What is Juneteenth and what’s the meaning behind it?

Urban lore has it that the term “Don’t shoot the messenger,” was derived from unsuccessful attempts to deliver word of the Emancipation Proclamation – freeing enslaved people – nationwide.

June 19th – 1865 looms large in the history of Blacks because it commemorates the day Union General Gordon Granger rode to Galveston, Texas and announced to the crowd, “In accordance with a proclamation from the Executive of the United States, all slaves are free.”

Though the Emancipation Proclamation was issued by President Abraham Lincoln in January of 1863 it literally took a federal order to ensure the message was delivered. 

Summarily, Juneteenth is a portmanteau of June and 19. Prior to June 2021 (when the US Congress voted to make it a federal holiday) Juneteenth was primarily celebrated in the southern portion of the United States. 

For more than 150 years, traditional Juneteenth celebrations have largely been organized around picnics and family gatherings that reflect on the broken shackles of the past and the ability to rejoice in the present. As Juneteenth spread outside Texas, celebrations were expanded and diversified to emphasize education and achievement with programs featuring entertainment and guest speakers.

Historical Context

The bible documents the inhumanity of people who have been enslaving people since the beginning of time. Yet the 1700’s slavery was industrialized to form the economic foundation of America. Africans were prime targets, simply due to the ease of identification based on skin color. Based on physical appearance alone, African Americans were forced to learn the language systems and culture of colonizers. It was a recipe for discrimination that has been baked into society, feeding unhealthy does of hatred and vitriol for centuries.

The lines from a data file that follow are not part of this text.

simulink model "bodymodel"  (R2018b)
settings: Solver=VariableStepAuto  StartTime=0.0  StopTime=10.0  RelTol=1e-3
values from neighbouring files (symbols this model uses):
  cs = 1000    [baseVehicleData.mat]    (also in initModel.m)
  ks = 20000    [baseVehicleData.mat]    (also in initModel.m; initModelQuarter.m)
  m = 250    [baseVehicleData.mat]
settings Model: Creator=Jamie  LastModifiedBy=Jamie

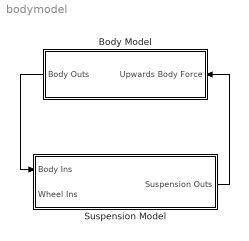
== system bodymodel ==
  Body Model : Subsystem
  Suspension Model : Subsystem
  wires:
  Body Model/1(Body Outs) -> Suspension Model/1(Body Ins)
  Suspension Model/1(Suspension Outs) -> Body Model/1(Upwards Body Force)

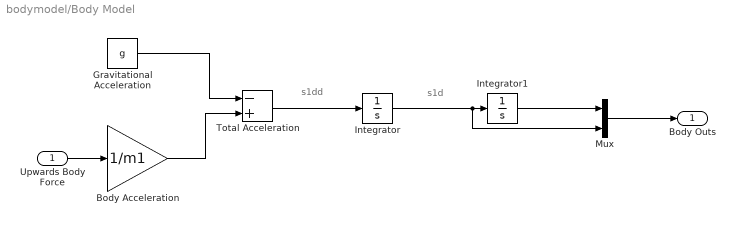
== system bodymodel/Body Model ==
  note: s1d
  note: s1dd
  Upwards Body Force : Inport
  Body Acceleration : Gain  Gain=1/m1  mask{m1=500}
      mask prompts: m1 "Body Mass"
  Gravitational Acceleration : Constant  Value=g  mask{g=9.81}
      mask prompts: g "Gravitational Acceleration"
  Integrator : Integrator
  Integrator1 : Integrator
  Mux : Mux  Inputs=2
  Total Acceleration : Sum  Inputs=-+
  Body Outs : Outport
  wires:
  Integrator1/1 -> Mux/1
  Total Acceleration/1 -> Integrator/1
  Body Acceleration/1 -> Total Acceleration/2
  Integrator/1 -> Mux/2, Integrator1/1
  Mux/1 -> Body Outs/1
  Gravitational Acceleration/1 -> Total Acceleration/1
  Upwards Body Force/1 -> Body Acceleration/1

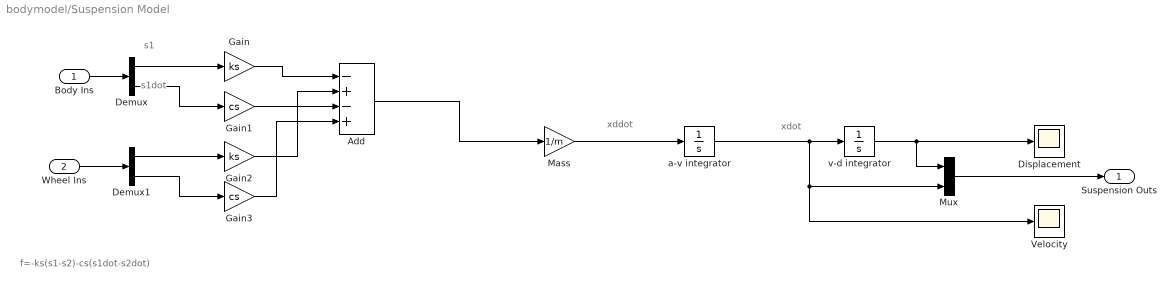
== system bodymodel/Suspension Model ==
  note: f=-ks(s1-s2)-cs(s1dot-s2dot)
  note: s1dot
  note: s1
  note: xdot
  note: xddot
  Body Ins : Inport
  Wheel Ins : Inport  Port=2
  Add : Sum  Inputs=-+-+
  Demux : Demux  Outputs=2
  Demux1 : Demux  Outputs=2
  Displacement : Scope
  Gain : Gain  Gain=ks
  Gain1 : Gain  Gain=cs
  Gain2 : Gain  Gain=ks
  Gain3 : Gain  Gain=cs
  Mass : Gain  Gain=1/m
  Mux : Mux  Inputs=2
  Velocity : Scope
  a-v integrator : Integrator
  v-d integrator : Integrator
  Suspension Outs : Outport
  wires:
  v-d integrator/1 -> Displacement/1, Mux/1
  Mass/1 -> a-v integrator/1
  Body Ins/1 -> Demux/1
  Demux/1 -> Gain/1
  Demux/2 -> Gain1/1
  Gain/1 -> Add/1
  Gain1/1 -> Add/3
  Add/1 -> Mass/1
  Wheel Ins/1 -> Demux1/1
  Demux1/2 -> Gain3/1
  Demux1/1 -> Gain2/1
  Gain2/1 -> Add/2
  Gain3/1 -> Add/4
  a-v integrator/1 -> Mux/2, Velocity/1, v-d integrator/1
  Mux/1 -> Suspension Outs/1

Interestingly, the Civil War resulted from economic and political shifts in power. This was the true source of the rift between the northern and southern states. It would be folly to assume that the Civil War was predicated by the freedom of slaves. Biographical depictions of Lincoln have proven slavery was leveraged to break the back of the south. In fact, slavery was abolished in January 1863. Regardless, Blacks remained enslaved for two and half more years until June 19, 1865. This blatant injustice is the reason Juneteenth is celebrated on that date. It is rumored that the phrase “Don’t shoot the messenger,” stemmed from reports of mail carriers who were dispatched to deliver the news, being shot on site. It took a federal edit and soldiers being sent to Galveston, Texas to finally enforce the Emancipation Proclamation.

On the heels of four hundred years of slavery, America implemented Jim Crow laws from 1877 through 1950 that intentionally institutionalized racism, weaving it into laws education and housing systems as well as in the dis-equitable distribution of resources. After 1960, a non-violent revolution spearheaded by Reverend Dr. Martin Luther King Jr.’s unified American’s nationwide to acknowledge and combat the pervasive problem of racism. President Nixon gave license to Affirmative Action in the 1970’s only to have it dismantled starting in the Regan years. 

Fast forward to 2020, and mounting protests that called attention to the senseless deaths of George Floyd, Breonna Taylor and Ahmaud Arbery ripped the scab of racism off, exposing a festering wound that America seems ill-equipped to heal.